Senior leaders in Croydon are progressing well in implementing their improvement plan, Ofsted has said.
In its second monitoring visit since Croydon was rated inadequate in July 2017, inspectors found that senior leaders and managers have quickly responded to issues identified in the first monitoring visit.
“The local authority has invested a significant amount of additional resources to improve the quality of children’s services,” the inspection report added.
The visit focused on services for vulnerable adolescents and inspectors found services were “highly variable” and too many children receive an inadequate service.
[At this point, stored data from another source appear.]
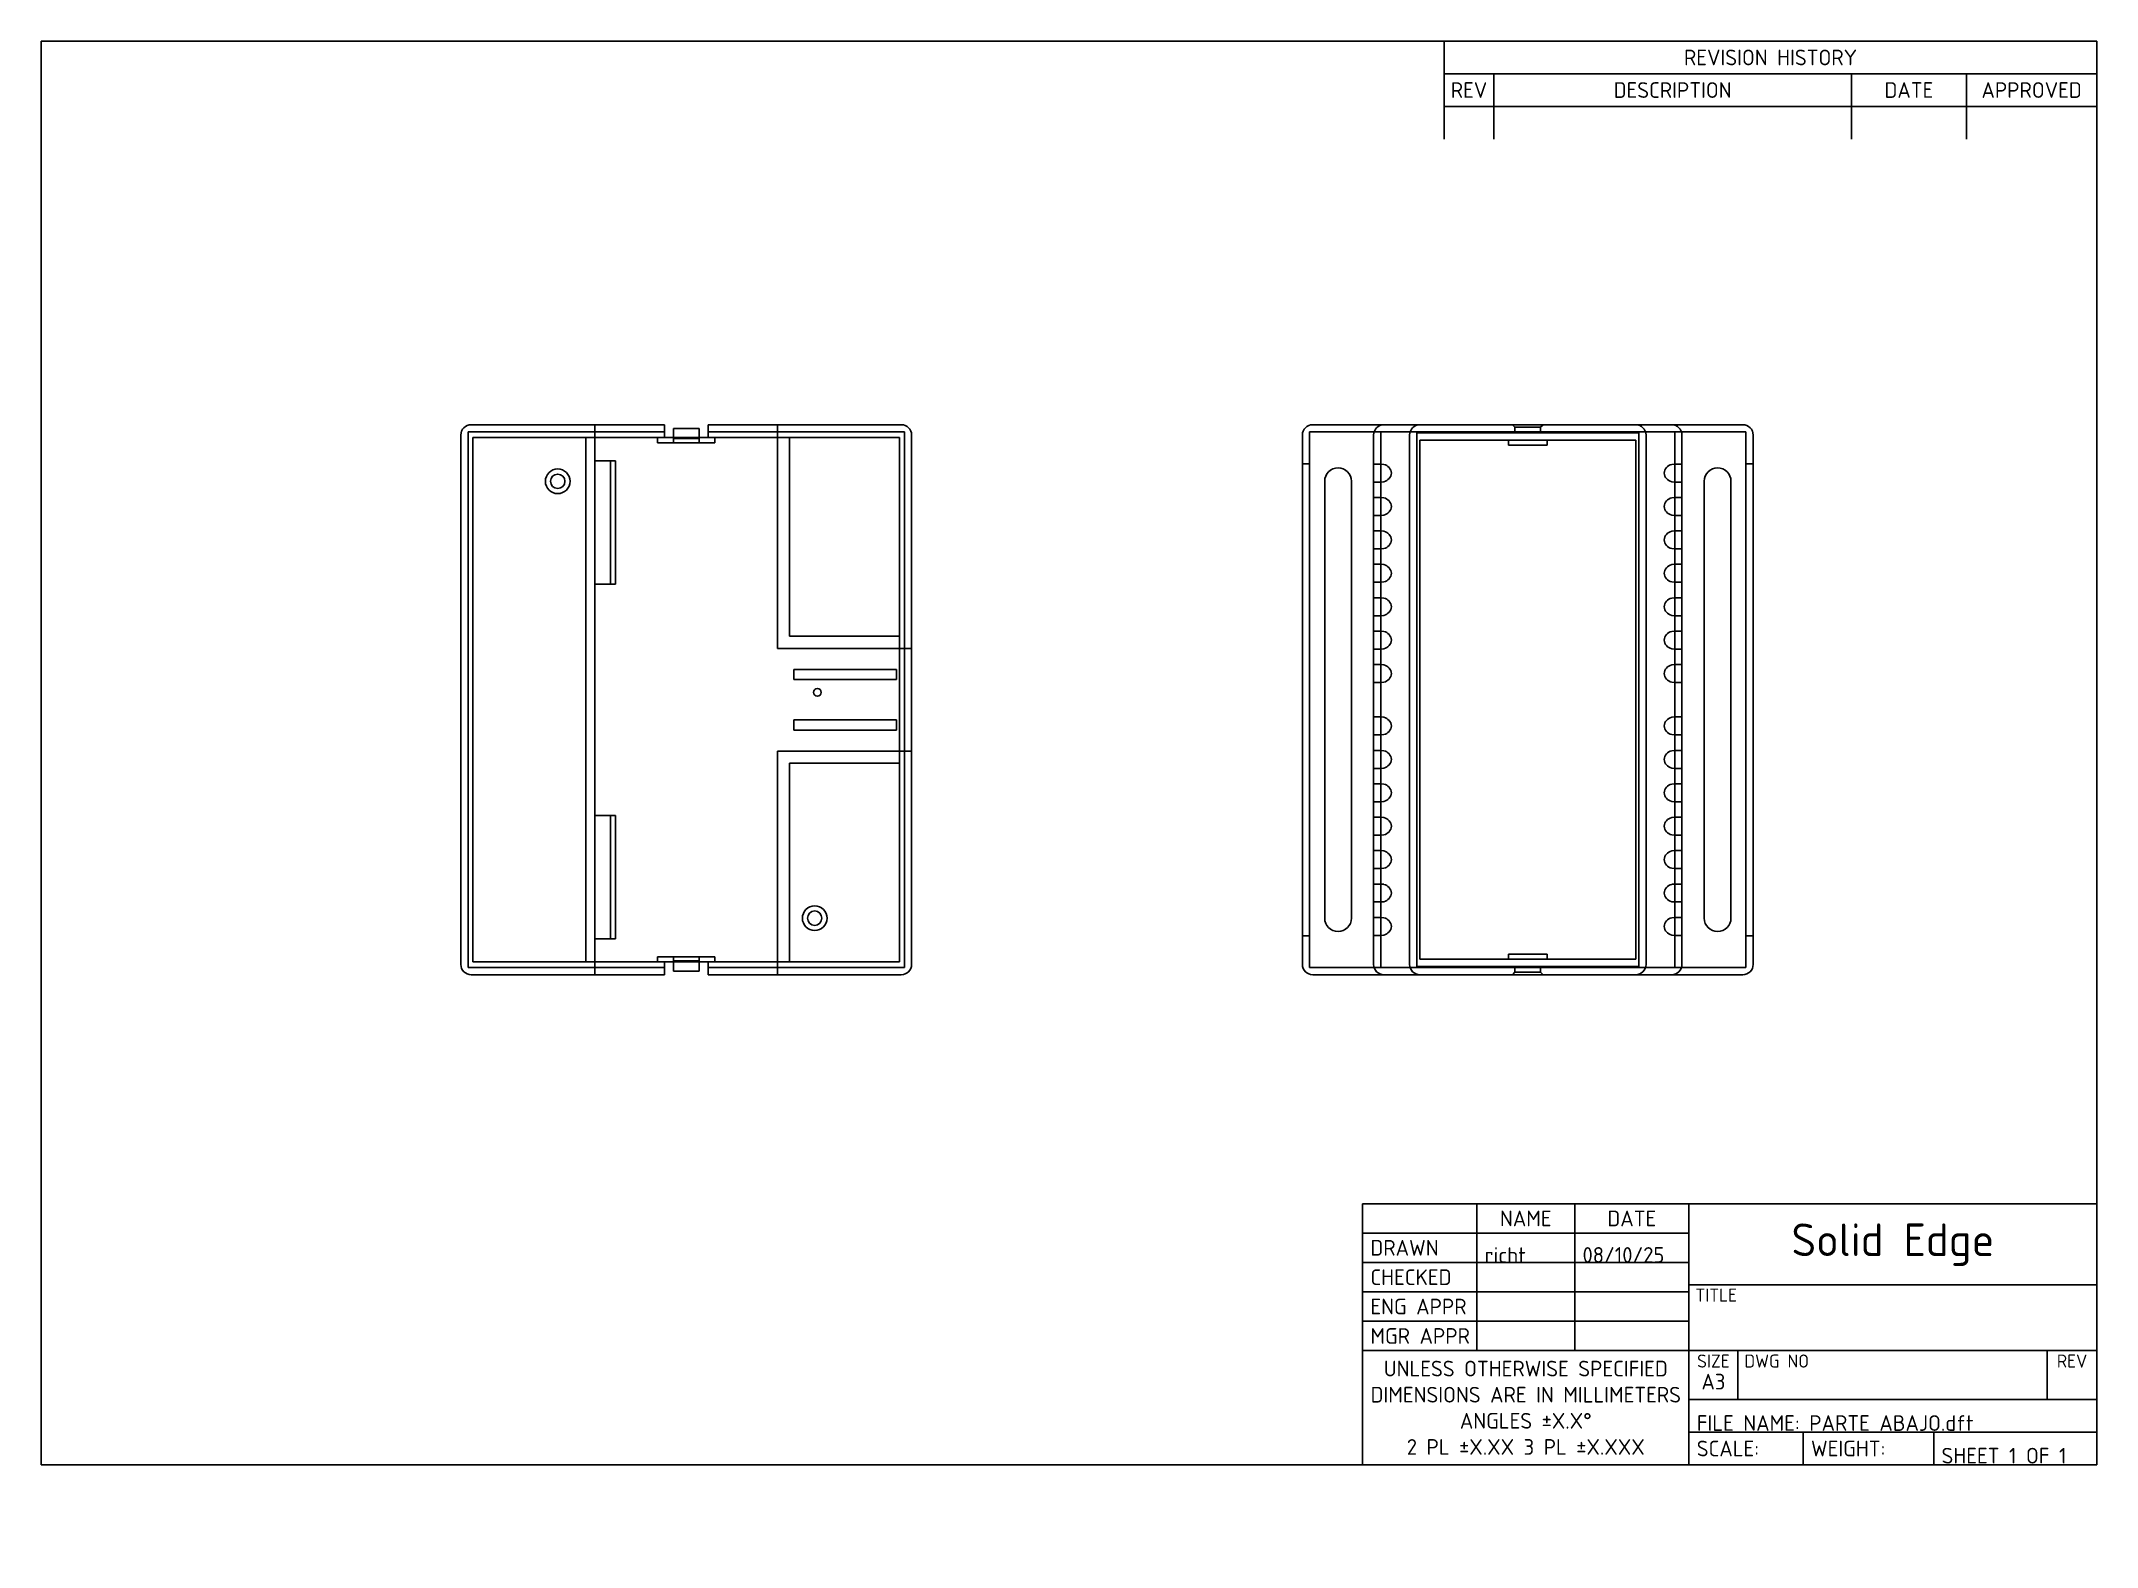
# Model space of a CAD drawing. Header units: millimetres. Extents: x 10 to 410, y -6 to 287.
import ezdxf
from ezdxf.entities.mleader import LeaderData, LeaderLine
from ezdxf.lldxf.tags import DXFTag
from ezdxf.math import Vec2, Vec3

# ---------------------------------------------------------------- set-up
doc = ezdxf.new("R2010")
doc.units = ezdxf.units.MM
for name, color, linetype in [('Default', 7, 'Continuous'), ('PARTE_ABAJO', 7, 'Continuous'), ('PARTE_ARRIBA', 7, 'Continuous')]:
    doc.layers.add(name, color=color, linetype=linetype)
tags = doc.linetypes.add('HIDDEN2', pattern=[4.7625, 3.175, -1.5875]).pattern_tags.tags
tags[6:7] = [DXFTag(74, 4), DXFTag(75, 0), DXFTag(340, '0'), DXFTag(46, 0.0), DXFTag(50, 0.0), DXFTag(44, 0.0), DXFTag(45, 0.0)]
tags[4:5] = [DXFTag(74, 4), DXFTag(75, 0), DXFTag(340, '0'), DXFTag(46, 0.0), DXFTag(50, 0.0), DXFTag(44, 0.0), DXFTag(45, 0.0)]

# ---------------------------------------------------------------- blocks, each defined once
blk = doc.blocks.new('SE')
at = {"layer": 'PARTE_ABAJO', "color": 7, "linetype": 'Continuous'}
for p, q in [((131.27, 212.36), (93.67, 212.36)), ((131.27, 212.36), (131.27, 210.96)), ((177.37, 212.36), (139.77, 212.36)), ((139.77, 210.96), (139.77, 212.36)), ((91.67, 210.36), (91.67, 107.36)), ((93.07, 210.96), (93.07, 106.76)), ((131.27, 210.96), (93.07, 210.96)), ((94.02, 209.86), (94.02, 107.86)), ((131.27, 209.86), (94.02, 209.86)), ((129.92, 208.86), (129.92, 209.86)), ((133.02, 208.86), (129.92, 208.86)), ((131.27, 210.96), (131.27, 209.86)), ((131.27, 209.86), (133.02, 209.86)), ((133.02, 211.66), (138.02, 211.66)), ((133.02, 209.66), (133.02, 211.66)), ((133.02, 208.86), (133.02, 209.66)), ((138.02, 209.66), (133.02, 209.66)), ((138.02, 208.86), (133.02, 208.86)), ((138.02, 211.66), (138.02, 209.66)), ((138.02, 209.86), (139.77, 209.86)), ((138.02, 209.66), (138.02, 208.86)), ((141.12, 208.86), (138.02, 208.86)), ((177.97, 210.96), (139.77, 210.96)), ((139.77, 209.86), (139.77, 210.96)), ((177.02, 209.86), (139.77, 209.86)), ((141.12, 209.86), (141.12, 208.86)), ((177.02, 107.86), (177.02, 209.86)), ((177.97, 106.76), (177.97, 210.96)), ((179.37, 107.36), (179.37, 210.36)), ((121.77, 205.36), (117.77, 205.36)), ((117.77, 205.36), (117.77, 181.36)), ((120.77, 181.36), (120.77, 205.36)), ((121.77, 181.36), (121.77, 205.36)), ((117.77, 181.36), (121.77, 181.36)), ((156.46, 164.77), (176.46, 164.77)), ((156.46, 162.77), (156.46, 164.77)), ((176.46, 164.77), (176.46, 162.77)), ((176.46, 162.77), (156.46, 162.77)), ((156.46, 154.95), (156.46, 152.95)), ((176.46, 154.95), (156.46, 154.95)), ((156.46, 152.95), (176.46, 152.95)), ((176.46, 152.95), (176.46, 154.95)), ((117.77, 112.36), (117.77, 136.36)), ((117.77, 136.36), (121.77, 136.36)), ((120.77, 112.36), (120.77, 136.36)), ((121.77, 136.36), (121.77, 112.36)), ((121.77, 112.36), (117.77, 112.36)), ((129.92, 108.86), (129.92, 107.86)), ((133.02, 108.86), (129.92, 108.86)), ((133.02, 108.86), (133.02, 108.06)), ((138.02, 108.86), (133.02, 108.86)), ((133.02, 108.06), (138.02, 108.06)), ((133.02, 106.06), (133.02, 108.06)), ((141.12, 108.86), (138.02, 108.86)), ((138.02, 108.06), (138.02, 108.86)), ((138.02, 108.06), (138.02, 106.06)), ((141.12, 107.86), (141.12, 108.86)), ((93.07, 106.76), (131.27, 106.76)), ((93.67, 105.36), (131.27, 105.36)), ((94.02, 107.86), (131.27, 107.86)), ((131.27, 106.76), (131.27, 107.86)), ((131.27, 107.86), (133.02, 107.86)), ((131.27, 105.36), (131.27, 106.76)), ((138.02, 106.06), (133.02, 106.06)), ((138.02, 107.86), (139.77, 107.86)), ((139.77, 107.86), (177.02, 107.86)), ((139.77, 107.86), (139.77, 106.76)), ((139.77, 106.76), (177.97, 106.76)), ((139.77, 106.76), (139.77, 105.36)), ((139.77, 105.36), (177.37, 105.36))]:
    blk.add_line(p, q, dxfattribs=at)
at = {"layer": 'PARTE_ABAJO', "color": 7, "linetype": 'HIDDEN2'}
for p, q in [((117.77, 205.36), (117.77, 212.36)), ((153.27, 212.36), (153.27, 168.86)), ((116.02, 107.86), (116.02, 209.86)), ((138.02, 209.86), (133.02, 209.86)), ((155.62, 171.21), (155.62, 209.86)), ((117.77, 136.36), (117.77, 181.36)), ((153.27, 168.86), (179.37, 168.86)), ((177.02, 171.21), (155.62, 171.21)), ((153.27, 148.86), (153.27, 105.36)), ((179.37, 148.86), (153.27, 148.86)), ((177.02, 146.51), (155.62, 146.51)), ((155.62, 146.51), (155.62, 107.86)), ((117.77, 105.36), (117.77, 112.36)), ((138.02, 107.86), (133.02, 107.86))]:
    blk.add_line(p, q, dxfattribs=at)
at = {"layer": 'PARTE_ABAJO', "color": 7, "linetype": 'Continuous'}
for centre, radius in [((110.52, 201.36), 2.4), ((110.52, 201.36), 1.4), ((161.05, 160.3), 0.75), ((160.52, 116.36), 2.4), ((160.52, 116.36), 1.4)]:
    blk.add_circle(centre, radius, dxfattribs=at)
for centre, start, end in [((93.67, 210.36), 90, 180), ((177.37, 210.36), 0, 90), ((93.67, 107.36), 180, 270), ((177.37, 107.36), 270, 0)]:
    blk.add_arc(centre, 2, start, end, dxfattribs=at)
blk = doc.blocks.new('SE1')
at = {"layer": 'PARTE_ARRIBA', "color": 7, "linetype": 'Continuous'}
for p, q in [((257.42, 212.36), (271.27, 212.36)), ((271.27, 212.36), (278.27, 212.36)), ((278.27, 212.36), (320.27, 212.36)), ((320.27, 212.36), (327.27, 212.36)), ((327.27, 212.36), (341.12, 212.36)), ((255.42, 107.36), (255.42, 210.36)), ((269.27, 204.71), (269.27, 210.36)), ((276.27, 107.36), (276.27, 210.36)), ((320.27, 209.36), (278.27, 209.36)), ((278.27, 209.36), (278.27, 108.36)), ((295.52, 208.36), (295.52, 209.36)), ((303.02, 208.36), (295.52, 208.36)), ((303.02, 209.36), (303.02, 208.36)), ((320.27, 108.36), (320.27, 209.36)), ((322.27, 210.36), (322.27, 107.36)), ((329.27, 210.36), (329.27, 204.71)), ((343.12, 210.36), (343.12, 107.36)), ((269.27, 204.71), (269.27, 201.21)), ((270.77, 204.71), (269.27, 204.71)), ((270.67, 204.71), (270.67, 201.21)), ((271.27, 204.65), (270.77, 204.71)), ((327.77, 204.71), (327.27, 204.65)), ((329.27, 204.71), (327.77, 204.71)), ((327.87, 204.71), (327.87, 201.21)), ((329.27, 204.71), (329.27, 201.21)), ((259.75, 201.36), (259.75, 116.36)), ((264.95, 116.36), (264.95, 201.36)), ((269.27, 198.21), (269.27, 201.21)), ((269.27, 201.21), (270.77, 201.21)), ((270.77, 201.21), (271.27, 201.28)), ((327.27, 201.28), (327.77, 201.21)), ((327.77, 201.21), (329.27, 201.21)), ((329.27, 201.21), (329.27, 198.21)), ((333.6, 116.36), (333.6, 201.36)), ((338.8, 201.36), (338.8, 116.36)), ((269.27, 198.21), (269.27, 194.71)), ((270.77, 198.21), (269.27, 198.21)), ((270.67, 198.21), (270.67, 194.71)), ((271.27, 198.15), (270.77, 198.21)), ((327.77, 198.21), (327.27, 198.15)), ((329.27, 198.21), (327.77, 198.21)), ((327.87, 198.21), (327.87, 194.71)), ((329.27, 198.21), (329.27, 194.71)), ((269.27, 191.71), (269.27, 194.71)), ((269.27, 194.71), (270.77, 194.71)), ((270.77, 194.71), (271.27, 194.78)), ((327.27, 194.78), (327.77, 194.71)), ((327.77, 194.71), (329.27, 194.71)), ((329.27, 194.71), (329.27, 191.71)), ((269.27, 191.71), (269.27, 188.21)), ((270.77, 191.71), (269.27, 191.71)), ((269.27, 185.21), (269.27, 188.21)), ((269.27, 188.21), (270.77, 188.21)), ((270.67, 191.71), (270.67, 188.21)), ((271.27, 191.65), (270.77, 191.71)), ((270.77, 188.21), (271.27, 188.28)), ((327.77, 191.71), (327.27, 191.65)), ((327.27, 188.28), (327.77, 188.21)), ((329.27, 191.71), (327.77, 191.71)), ((327.77, 188.21), (329.27, 188.21)), ((327.87, 191.71), (327.87, 188.21)), ((329.27, 191.71), (329.27, 188.21)), ((329.27, 188.21), (329.27, 185.21)), ((269.27, 185.21), (269.27, 181.71)), ((270.77, 185.21), (269.27, 185.21)), ((270.67, 185.21), (270.67, 181.71)), ((271.27, 185.15), (270.77, 185.21)), ((327.77, 185.21), (327.27, 185.15)), ((329.27, 185.21), (327.77, 185.21)), ((327.87, 185.21), (327.87, 181.71)), ((329.27, 185.21), (329.27, 181.71)), ((269.27, 178.71), (269.27, 181.71)), ((269.27, 181.71), (270.77, 181.71)), ((270.77, 181.71), (271.27, 181.78)), ((327.27, 181.78), (327.77, 181.71)), ((327.77, 181.71), (329.27, 181.71)), ((329.27, 181.71), (329.27, 178.71)), ((269.27, 178.71), (269.27, 175.21)), ((270.77, 178.71), (269.27, 178.71)), ((270.67, 178.71), (270.67, 175.21)), ((271.27, 178.65), (270.77, 178.71)), ((327.77, 178.71), (327.27, 178.65)), ((329.27, 178.71), (327.77, 178.71)), ((327.87, 178.71), (327.87, 175.21)), ((329.27, 178.71), (329.27, 175.21)), ((269.27, 172.21), (269.27, 175.21)), ((269.27, 175.21), (270.77, 175.21)), ((269.27, 172.21), (269.27, 168.71)), ((270.77, 172.21), (269.27, 172.21)), ((270.67, 172.21), (270.67, 168.71)), ((270.77, 175.21), (271.27, 175.28)), ((271.27, 172.15), (270.77, 172.21)), ((327.27, 175.28), (327.77, 175.21)), ((327.77, 172.21), (327.27, 172.15)), ((327.77, 175.21), (329.27, 175.21)), ((329.27, 172.21), (327.77, 172.21)), ((327.87, 172.21), (327.87, 168.71)), ((329.27, 175.21), (329.27, 172.21)), ((329.27, 172.21), (329.27, 168.71)), ((269.27, 165.71), (269.27, 168.71)), ((269.27, 168.71), (270.77, 168.71)), ((270.77, 168.71), (271.27, 168.78)), ((327.27, 168.78), (327.77, 168.71)), ((327.77, 168.71), (329.27, 168.71)), ((329.27, 168.71), (329.27, 165.71)), ((269.27, 165.71), (269.27, 162.21)), ((270.77, 165.71), (269.27, 165.71)), ((270.67, 165.71), (270.67, 162.21)), ((271.27, 165.65), (270.77, 165.71)), ((327.77, 165.71), (327.27, 165.65)), ((329.27, 165.71), (327.77, 165.71)), ((327.87, 165.71), (327.87, 162.21)), ((329.27, 165.71), (329.27, 162.21)), ((269.27, 155.51), (269.27, 162.21)), ((269.27, 162.21), (270.77, 162.21)), ((270.77, 162.21), (271.27, 162.28)), ((327.27, 162.28), (327.77, 162.21)), ((327.77, 162.21), (329.27, 162.21)), ((329.27, 162.21), (329.27, 155.51)), ((269.27, 152.01), (269.27, 155.51)), ((270.77, 155.51), (269.27, 155.51)), ((269.27, 149.01), (269.27, 152.01)), ((269.27, 152.01), (270.77, 152.01)), ((270.67, 152.01), (270.67, 155.51)), ((271.27, 155.45), (270.77, 155.51)), ((270.77, 152.01), (271.27, 152.07)), ((327.77, 155.51), (327.27, 155.45)), ((327.27, 152.07), (327.77, 152.01)), ((329.27, 155.51), (327.77, 155.51)), ((327.77, 152.01), (329.27, 152.01)), ((327.87, 155.51), (327.87, 152.01)), ((329.27, 155.51), (329.27, 152.01)), ((329.27, 152.01), (329.27, 149.01)), ((269.27, 145.51), (269.27, 149.01)), ((270.77, 149.01), (269.27, 149.01)), ((270.67, 145.51), (270.67, 149.01)), ((271.27, 148.95), (270.77, 149.01)), ((327.77, 149.01), (327.27, 148.95)), ((329.27, 149.01), (327.77, 149.01)), ((327.87, 149.01), (327.87, 145.51)), ((329.27, 149.01), (329.27, 145.51)), ((269.27, 142.51), (269.27, 145.51)), ((269.27, 145.51), (270.77, 145.51)), ((270.77, 145.51), (271.27, 145.57)), ((327.27, 145.57), (327.77, 145.51)), ((327.77, 145.51), (329.27, 145.51)), ((329.27, 145.51), (329.27, 142.51)), ((269.27, 139.01), (269.27, 142.51)), ((270.77, 142.51), (269.27, 142.51)), ((270.67, 139.01), (270.67, 142.51)), ((271.27, 142.45), (270.77, 142.51)), ((327.77, 142.51), (327.27, 142.45)), ((329.27, 142.51), (327.77, 142.51)), ((327.87, 142.51), (327.87, 139.01)), ((329.27, 142.51), (329.27, 139.01)), ((269.27, 136.01), (269.27, 139.01)), ((269.27, 139.01), (270.77, 139.01)), ((269.27, 132.51), (269.27, 136.01)), ((270.77, 136.01), (269.27, 136.01)), ((270.67, 132.51), (270.67, 136.01)), ((270.77, 139.01), (271.27, 139.07)), ((271.27, 135.95), (270.77, 136.01)), ((327.27, 139.07), (327.77, 139.01)), ((327.77, 136.01), (327.27, 135.95)), ((327.77, 139.01), (329.27, 139.01)), ((329.27, 136.01), (327.77, 136.01)), ((327.87, 132.51), (327.87, 136.01)), ((329.27, 139.01), (329.27, 136.01)), ((329.27, 132.51), (329.27, 136.01)), ((269.27, 129.51), (269.27, 132.51)), ((269.27, 132.51), (270.77, 132.51)), ((270.77, 132.51), (271.27, 132.57)), ((327.27, 132.57), (327.77, 132.51)), ((327.77, 132.51), (329.27, 132.51)), ((329.27, 132.51), (329.27, 129.51)), ((269.27, 126.01), (269.27, 129.51)), ((270.77, 129.51), (269.27, 129.51)), ((270.67, 126.01), (270.67, 129.51)), ((271.27, 129.45), (270.77, 129.51)), ((327.77, 129.51), (327.27, 129.45)), ((329.27, 129.51), (327.77, 129.51)), ((327.87, 129.51), (327.87, 126.01)), ((329.27, 129.51), (329.27, 126.01)), ((269.27, 123.01), (269.27, 126.01)), ((269.27, 126.01), (270.77, 126.01)), ((270.77, 126.01), (271.27, 126.07)), ((327.27, 126.07), (327.77, 126.01)), ((327.77, 126.01), (329.27, 126.01)), ((329.27, 126.01), (329.27, 123.01)), ((269.27, 119.51), (269.27, 123.01)), ((270.77, 123.01), (269.27, 123.01)), ((270.67, 119.51), (270.67, 123.01)), ((271.27, 122.95), (270.77, 123.01)), ((327.77, 123.01), (327.27, 122.95)), ((329.27, 123.01), (327.77, 123.01)), ((327.87, 123.01), (327.87, 119.51)), ((329.27, 123.01), (329.27, 119.51)), ((269.27, 116.51), (269.27, 119.51)), ((269.27, 119.51), (270.77, 119.51)), ((269.27, 113.01), (269.27, 116.51)), ((270.77, 116.51), (269.27, 116.51)), ((270.67, 113.01), (270.67, 116.51)), ((270.77, 119.51), (271.27, 119.57)), ((271.27, 116.45), (270.77, 116.51)), ((327.27, 119.57), (327.77, 119.51)), ((327.77, 116.51), (327.27, 116.45)), ((327.77, 119.51), (329.27, 119.51)), ((329.27, 116.51), (327.77, 116.51)), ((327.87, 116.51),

The broad weaknesses in practice mirror the themes found in the first monitoring visit including a lack of management direction and oversight, lack of clarity in identifying the specific risks and clearly outlining what needs to happen to reduce risk. Written plans are generally of a poor quality, and are brief and generalised without specifically identifying risks. Written records are “highly variable in quality and content,” the report found.
The experience for some children had been negatively impacted by lack of suitable placement choice. Drift and delay were seen for some children, particularly in pathway planning.
Staff turnover and the high number of agency staff, currently at 41%, mean that some children have too many changes of social worker which impacts on the development of a secure social work relationship. The continuity of social workers for children looked after is more stable. Services are benefiting from the additional investment, with higher staff numbers and smaller teams of six practitioners. Caseloads generally are at a reasonable level.
Services for children who go missing from home or care or those at risk of being sexually exploited are highly variable in quality. Services are being restructured to provide a coherent specialism and align support to youth offending, ‘missing’, child sexual exploitation, two specialised adolescent services and other aspects of high-risk, including female genital mutilation and radicalisation. This is underway, but not yet fully in place. It has enabled a closer focus on children who go missing, with a daily ‘missing’ meeting and a change to the process for offering return home interviews. There is an improving take-up of return home interviews, with a completion rate of 62% in February, but timeliness is poor, with only 36% of interviews undertaken within 72 hours.
The local authority is currently instigating a process for conducting return home interviews for children who go missing and are placed at a distance, but this is not yet embedded.
Inspectors were consistently impressed with the quality of frontline practitioners and said they displayed a good awareness of the needs of the children they worked with and a real commitment to ensuring that they engaged well with children.
Children facing the highest risks in Croydon are known and thresholds are understood. All cases seen during this visit showed that children were receiving a service appropriate to their level of need, including escalation to child protection plans and becoming looked after.
The report concludes that in summary, senior leaders and managers have acted promptly to put in place effective means for improvement. They have progressed actions since the first monitoring visit and have a clear understanding of what they need to do to continue to improve.
Positive steps include:
“However, the impact on children still remains too variable and this is particularly relevant for vulnerable adolescents, where the risks are highest. The service for these children remains weak at this point of transition and development, with an urgent need for improved management oversight,” the report concluded.